Knowing all areas of three overlapping circles excepting the area of $A'∩B'∩C$ and the area of $C$, is it possible to find the area of $A'∩B'∩C$? Let's imagine I have three overlapping circles. I know the following information: $1.$ the area of circle $A$ = the area of circle $B = 1$ $2.$ the area of $A\cap B =\frac 15$ $3.$ the area of $A\cap C =$ the area of $B\cap C = \frac 9{20}$ $4.$ the area of $A\cap B \cap C=x$ such that $0\lt x\lt \frac 15 $ $5.$ the area of circle $C$ is unknown. Is it possible, using this information, to find the possible range of areas for $A'\cap B'\cap C$, and thus find the range of areas for $C$? **EDIT:** I am aware of some methods whereby you can measure the overlap of three circles. I'm beginning to wonder if there's a way to do it in reverse to find $C$.

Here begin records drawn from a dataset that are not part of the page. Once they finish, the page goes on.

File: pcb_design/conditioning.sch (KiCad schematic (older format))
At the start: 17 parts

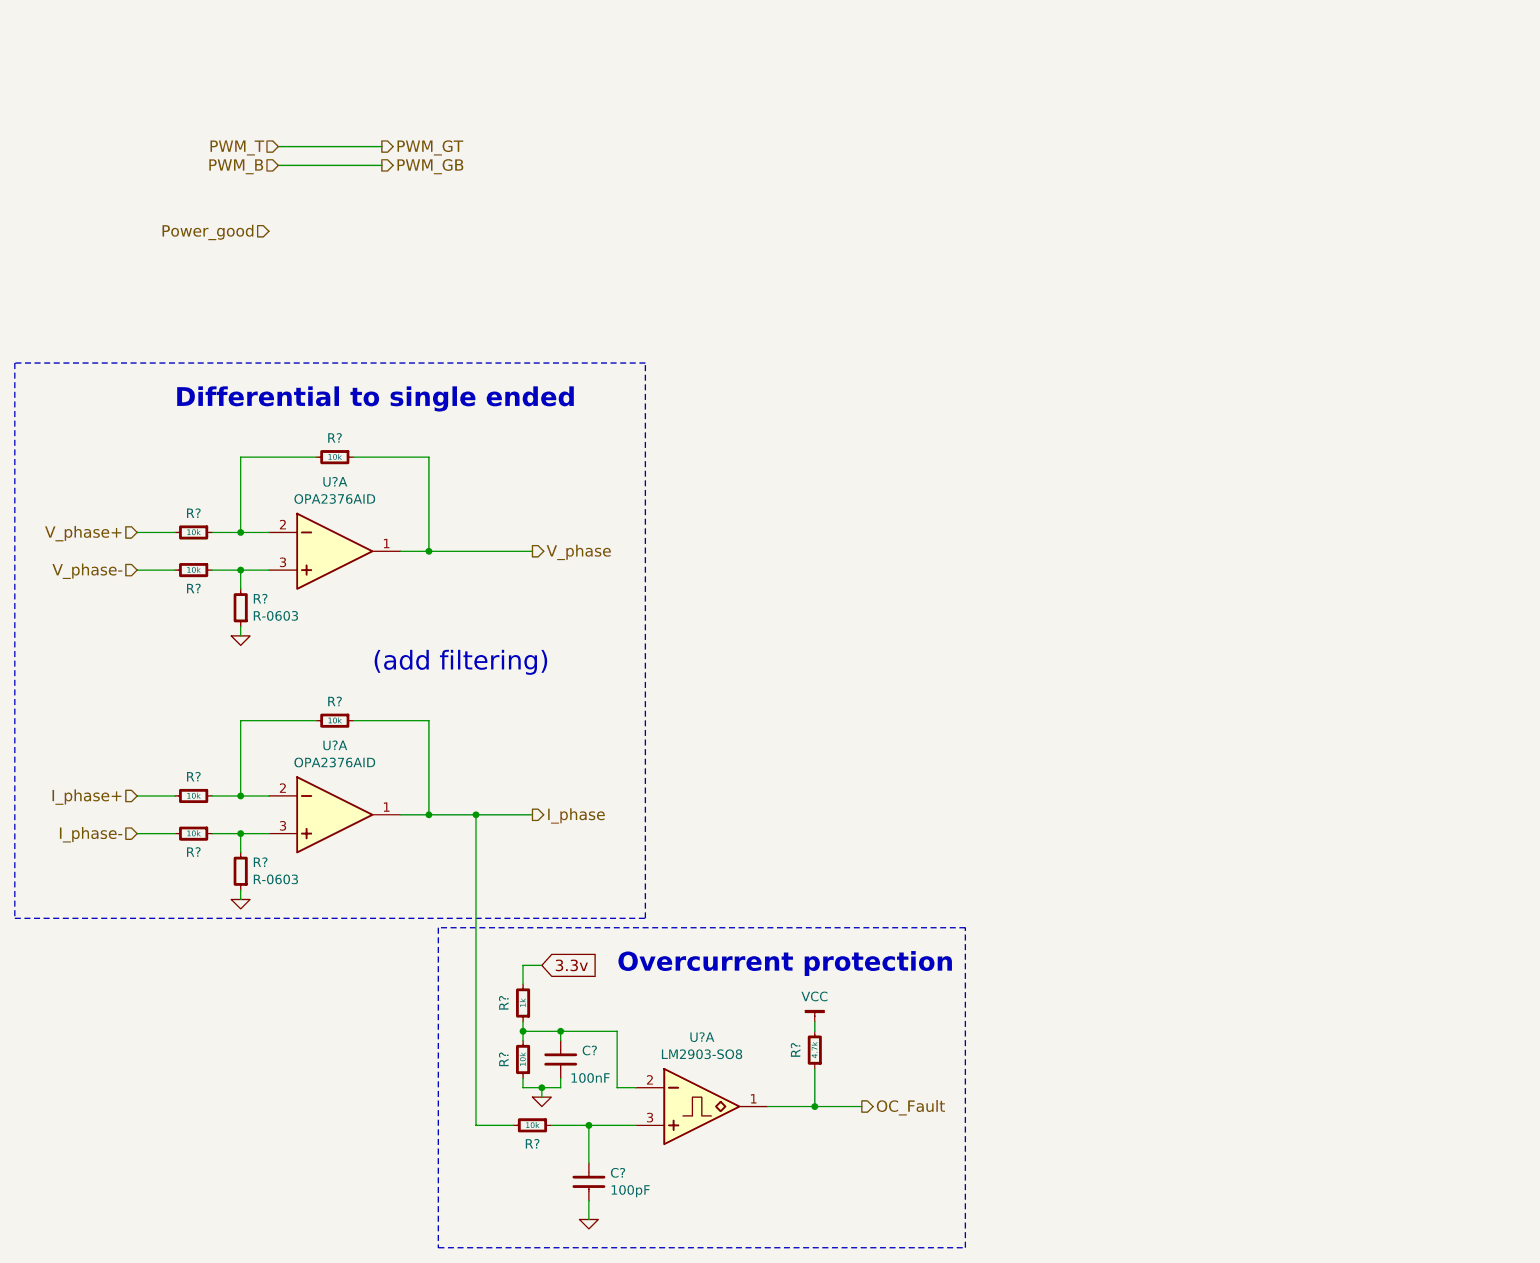
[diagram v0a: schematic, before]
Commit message: Updated MCU sheet to comply with VESC 6 pinout. Added 5v analog inputs and updated some labels
Signed-off-by: Marcos Chaparro <mchaparro@paltatech.com>
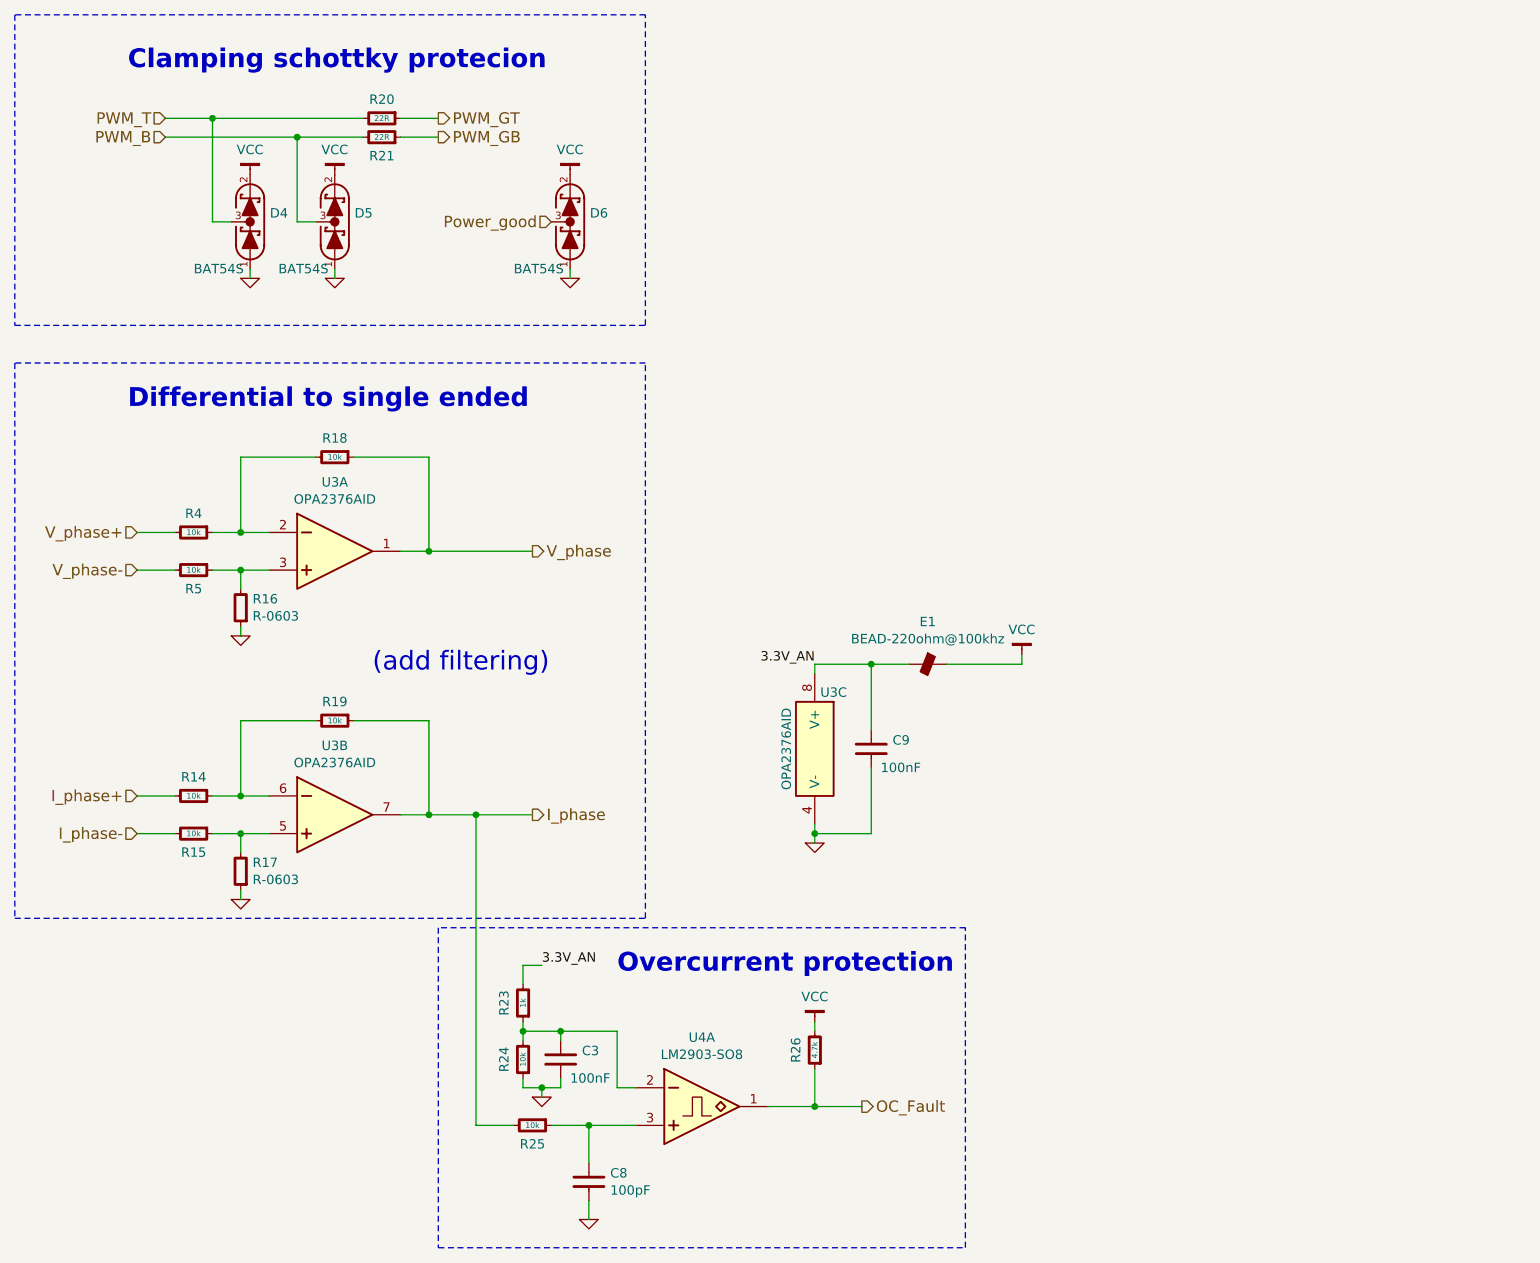
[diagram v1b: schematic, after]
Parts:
- added C9: 100nF, IPC7351-Nominal:CAPC1608X55, symbol C-0603
- added D4, D5, D6: BAT54S, smd-semi:SOT-23, symbol BAT54S
- added E1: BEAD-220ohm@100khz, IPC7351-Nominal:INDC2012X130, symbol BEAD-0805
- added R20, R21: 22R, IPC7351-Nominal:RESC1608X50, symbol R-0603
- added unit 3 of U3
- gave numbers to parts that had none: 16
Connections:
- net GND: now also C9.2, D4.1 (A), D5.1 (A), D6.1 (A), U3.4 (V-)
- net I_phase: now also U3.7 (OUT); no longer U3.1 (OUT)
- net PWM_B: now also D5.3 (COM), R21.2
- net PWM_GT: now also R20.1
- net Power_good: now also D6.3 (COM)
- net VCC: now also D4.2 (K), D5.2 (K), D6.2 (K), E1.2
- net at R14.1, R19.2: now also U3.6 (IN-); no longer U3.2 (IN-)
- net at R15.1, R17.2: now also U3.5 (IN+); no longer U3.3 (IN+)
- net 3.3v renamed 3.3V_AN
- net 3.3V_AN: now also C9.1, E1.1, U3.8 (V+)
- new net PWM_GB: R21.1
- new net PWM_T: D4.3 (COM), R20.2
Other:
- note added: "Clamping schottky protecion"

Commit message: Components placement, 3D models, updated some footprints to nominal IPC type
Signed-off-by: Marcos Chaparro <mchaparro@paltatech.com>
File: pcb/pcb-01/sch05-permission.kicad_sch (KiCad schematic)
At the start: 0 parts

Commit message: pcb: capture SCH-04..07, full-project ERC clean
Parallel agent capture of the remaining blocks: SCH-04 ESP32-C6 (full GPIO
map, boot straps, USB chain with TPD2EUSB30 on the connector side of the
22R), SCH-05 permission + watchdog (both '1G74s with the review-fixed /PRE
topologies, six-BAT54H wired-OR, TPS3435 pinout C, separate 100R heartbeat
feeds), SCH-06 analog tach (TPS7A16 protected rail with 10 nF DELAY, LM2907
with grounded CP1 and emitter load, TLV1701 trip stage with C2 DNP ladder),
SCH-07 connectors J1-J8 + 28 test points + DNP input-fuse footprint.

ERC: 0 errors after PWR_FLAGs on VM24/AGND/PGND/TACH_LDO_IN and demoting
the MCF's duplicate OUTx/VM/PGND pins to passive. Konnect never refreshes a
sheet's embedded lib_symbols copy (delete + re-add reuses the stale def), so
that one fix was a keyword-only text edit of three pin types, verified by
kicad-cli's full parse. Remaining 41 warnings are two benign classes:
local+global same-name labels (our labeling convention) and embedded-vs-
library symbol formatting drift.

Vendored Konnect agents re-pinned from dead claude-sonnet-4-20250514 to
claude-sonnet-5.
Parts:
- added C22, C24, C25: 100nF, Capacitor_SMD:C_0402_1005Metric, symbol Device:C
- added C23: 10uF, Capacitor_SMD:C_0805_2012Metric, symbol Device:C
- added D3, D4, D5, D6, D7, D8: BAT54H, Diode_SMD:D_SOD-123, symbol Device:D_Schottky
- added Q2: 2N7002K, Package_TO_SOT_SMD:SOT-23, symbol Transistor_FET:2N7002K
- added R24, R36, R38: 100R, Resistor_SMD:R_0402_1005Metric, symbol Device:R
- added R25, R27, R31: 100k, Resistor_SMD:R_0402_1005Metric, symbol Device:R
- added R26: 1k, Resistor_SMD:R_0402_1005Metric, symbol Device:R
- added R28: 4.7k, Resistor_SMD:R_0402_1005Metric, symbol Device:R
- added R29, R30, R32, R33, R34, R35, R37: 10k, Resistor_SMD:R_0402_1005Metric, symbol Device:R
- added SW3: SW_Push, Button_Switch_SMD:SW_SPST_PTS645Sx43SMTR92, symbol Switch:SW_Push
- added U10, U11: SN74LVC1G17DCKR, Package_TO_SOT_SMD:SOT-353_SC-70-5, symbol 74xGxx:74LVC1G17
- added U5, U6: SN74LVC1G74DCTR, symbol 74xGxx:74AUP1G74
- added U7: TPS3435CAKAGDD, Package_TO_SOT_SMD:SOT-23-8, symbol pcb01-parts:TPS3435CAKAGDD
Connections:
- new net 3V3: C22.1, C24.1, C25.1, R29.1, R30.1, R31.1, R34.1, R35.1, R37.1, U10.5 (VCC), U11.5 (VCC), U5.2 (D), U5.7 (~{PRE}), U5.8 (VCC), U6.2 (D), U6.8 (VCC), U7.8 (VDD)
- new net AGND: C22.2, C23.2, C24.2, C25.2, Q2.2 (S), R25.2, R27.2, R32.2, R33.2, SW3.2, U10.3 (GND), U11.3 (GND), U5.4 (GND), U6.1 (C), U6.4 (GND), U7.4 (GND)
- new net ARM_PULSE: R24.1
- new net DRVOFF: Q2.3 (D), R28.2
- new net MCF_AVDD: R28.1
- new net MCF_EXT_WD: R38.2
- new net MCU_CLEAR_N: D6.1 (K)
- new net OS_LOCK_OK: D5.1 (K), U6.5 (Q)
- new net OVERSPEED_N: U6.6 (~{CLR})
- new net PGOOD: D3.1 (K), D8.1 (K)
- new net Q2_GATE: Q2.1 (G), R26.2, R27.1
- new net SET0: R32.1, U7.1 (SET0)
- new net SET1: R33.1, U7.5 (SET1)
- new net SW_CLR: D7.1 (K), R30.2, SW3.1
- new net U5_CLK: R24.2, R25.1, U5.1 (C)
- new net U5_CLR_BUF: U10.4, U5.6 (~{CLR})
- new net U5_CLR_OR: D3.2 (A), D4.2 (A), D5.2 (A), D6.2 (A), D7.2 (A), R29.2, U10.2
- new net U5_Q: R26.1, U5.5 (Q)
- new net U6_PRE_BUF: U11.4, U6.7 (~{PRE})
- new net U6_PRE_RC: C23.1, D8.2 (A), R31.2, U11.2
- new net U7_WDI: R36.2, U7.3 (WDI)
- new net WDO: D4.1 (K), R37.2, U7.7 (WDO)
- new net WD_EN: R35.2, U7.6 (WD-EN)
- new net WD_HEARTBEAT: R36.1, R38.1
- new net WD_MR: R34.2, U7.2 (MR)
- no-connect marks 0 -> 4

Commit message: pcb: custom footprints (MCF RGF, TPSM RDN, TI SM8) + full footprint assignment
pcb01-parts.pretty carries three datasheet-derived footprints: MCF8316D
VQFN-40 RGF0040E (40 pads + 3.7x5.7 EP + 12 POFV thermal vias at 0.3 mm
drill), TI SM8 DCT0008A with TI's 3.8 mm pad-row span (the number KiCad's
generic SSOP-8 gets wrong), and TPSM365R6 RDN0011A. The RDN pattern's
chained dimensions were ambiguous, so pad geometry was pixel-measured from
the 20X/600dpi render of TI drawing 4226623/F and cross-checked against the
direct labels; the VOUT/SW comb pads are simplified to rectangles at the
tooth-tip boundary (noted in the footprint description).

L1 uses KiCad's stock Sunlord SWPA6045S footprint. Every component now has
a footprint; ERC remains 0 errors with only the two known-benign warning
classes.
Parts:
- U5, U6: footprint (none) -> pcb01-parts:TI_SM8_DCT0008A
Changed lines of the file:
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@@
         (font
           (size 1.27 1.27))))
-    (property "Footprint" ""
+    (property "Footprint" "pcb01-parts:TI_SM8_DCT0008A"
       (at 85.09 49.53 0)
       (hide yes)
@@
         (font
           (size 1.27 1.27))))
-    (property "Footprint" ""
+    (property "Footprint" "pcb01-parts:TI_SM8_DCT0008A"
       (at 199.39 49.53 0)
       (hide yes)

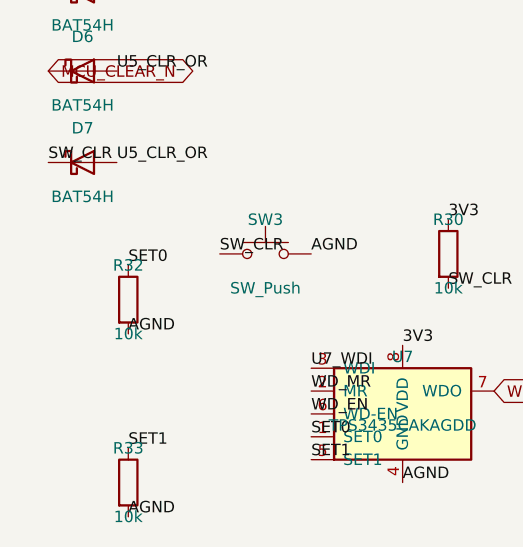
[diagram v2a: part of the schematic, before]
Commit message: pcb: review round 2 — safety-latch decoupling, docs, calibration rationale
Round-2 lenses (fix-verify, placement-physics, calibration math, MCF
register-image audit, completeness critic) confirmed every round-1 fix
end-to-end and found: U5 and U6 — the permission and overspeed latches —
were the only logic ICs without local decoupling (nearest 3V3 cap 13mm from
U5). Added C42/C43 (100nF 0402) on SCH-05. J5's stale MPN field corrected
to SM04B-SRSS-TB(LF)(SN).

Docs: calibration section now states WHY per-unit RV1 trim is mandatory
(LM2907 K = +/-10% => +/-20 RPM untrimmed) and the expected ~+/-10 RPM
threshold scatter (ripple ~= hysteresis) with the C36-C40 bank as the
remedy; open-items gains the MCF register-image capture checklist
(SPEED_MODE/SPEED_RANGE_SEL, ALARM_PIN_EN/OTW_REP, EXT_WDT_* and the
unmapped MAX_SPEED seed), the cold-plug VM ramp analysis (refuted by
bulk-bank physics, bench inrush check stands), and the V2 ESD note for
sensor pigtails/buttons. Verified: 12 thermal vias under U1's pad; zero new
wiring defects in the round-2 sweep; pole count, watchdog timing, trip
math all independently reproduce the documented targets.
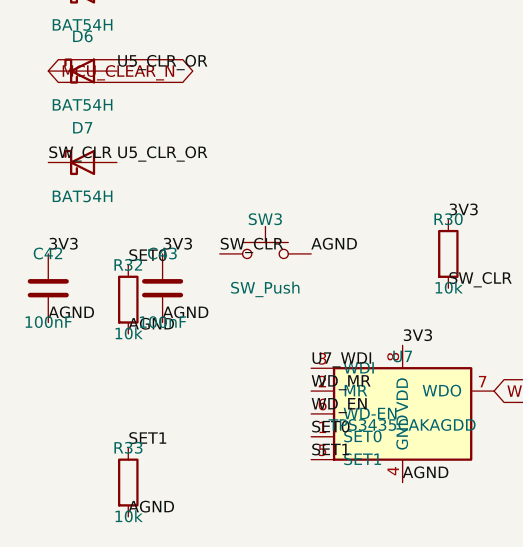
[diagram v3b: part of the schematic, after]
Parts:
- added C42, C43: 100nF, Capacitor_SMD:C_0402_1005Metric, symbol Device:C
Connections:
- net 3V3: now also C42.1, C43.1
- net AGND: now also C42.2, C43.2

There is no upper limit for the area of $C$. The center of $C$ lies on the line $r$ passing through the intersection points of circumferences $A$ and $B$, and the arc of $C$ inside $A$ approaches a straight line when the radius of $C$ tends to infinity. That limiting line is perpendicular to $r$ and cuts $A$ so that the lesser part is 45% of $A$. This situation is compatible with your constraints because $\hbox{area}(A\cap B\cap C)=0.45\ \hbox{area}(A\cap B)=0.09$.

A lower limit can be found, because it corresponds to the situation when the three circumferences have a point in common. Again, the bound on the area of $A\cap B\cap C$ is unimportant, but the area of $A\cap C$ is $0.45$ and this implies the radius of $C$ cannot be too small. Experimentally the lowest area turns out to be around $0.72$.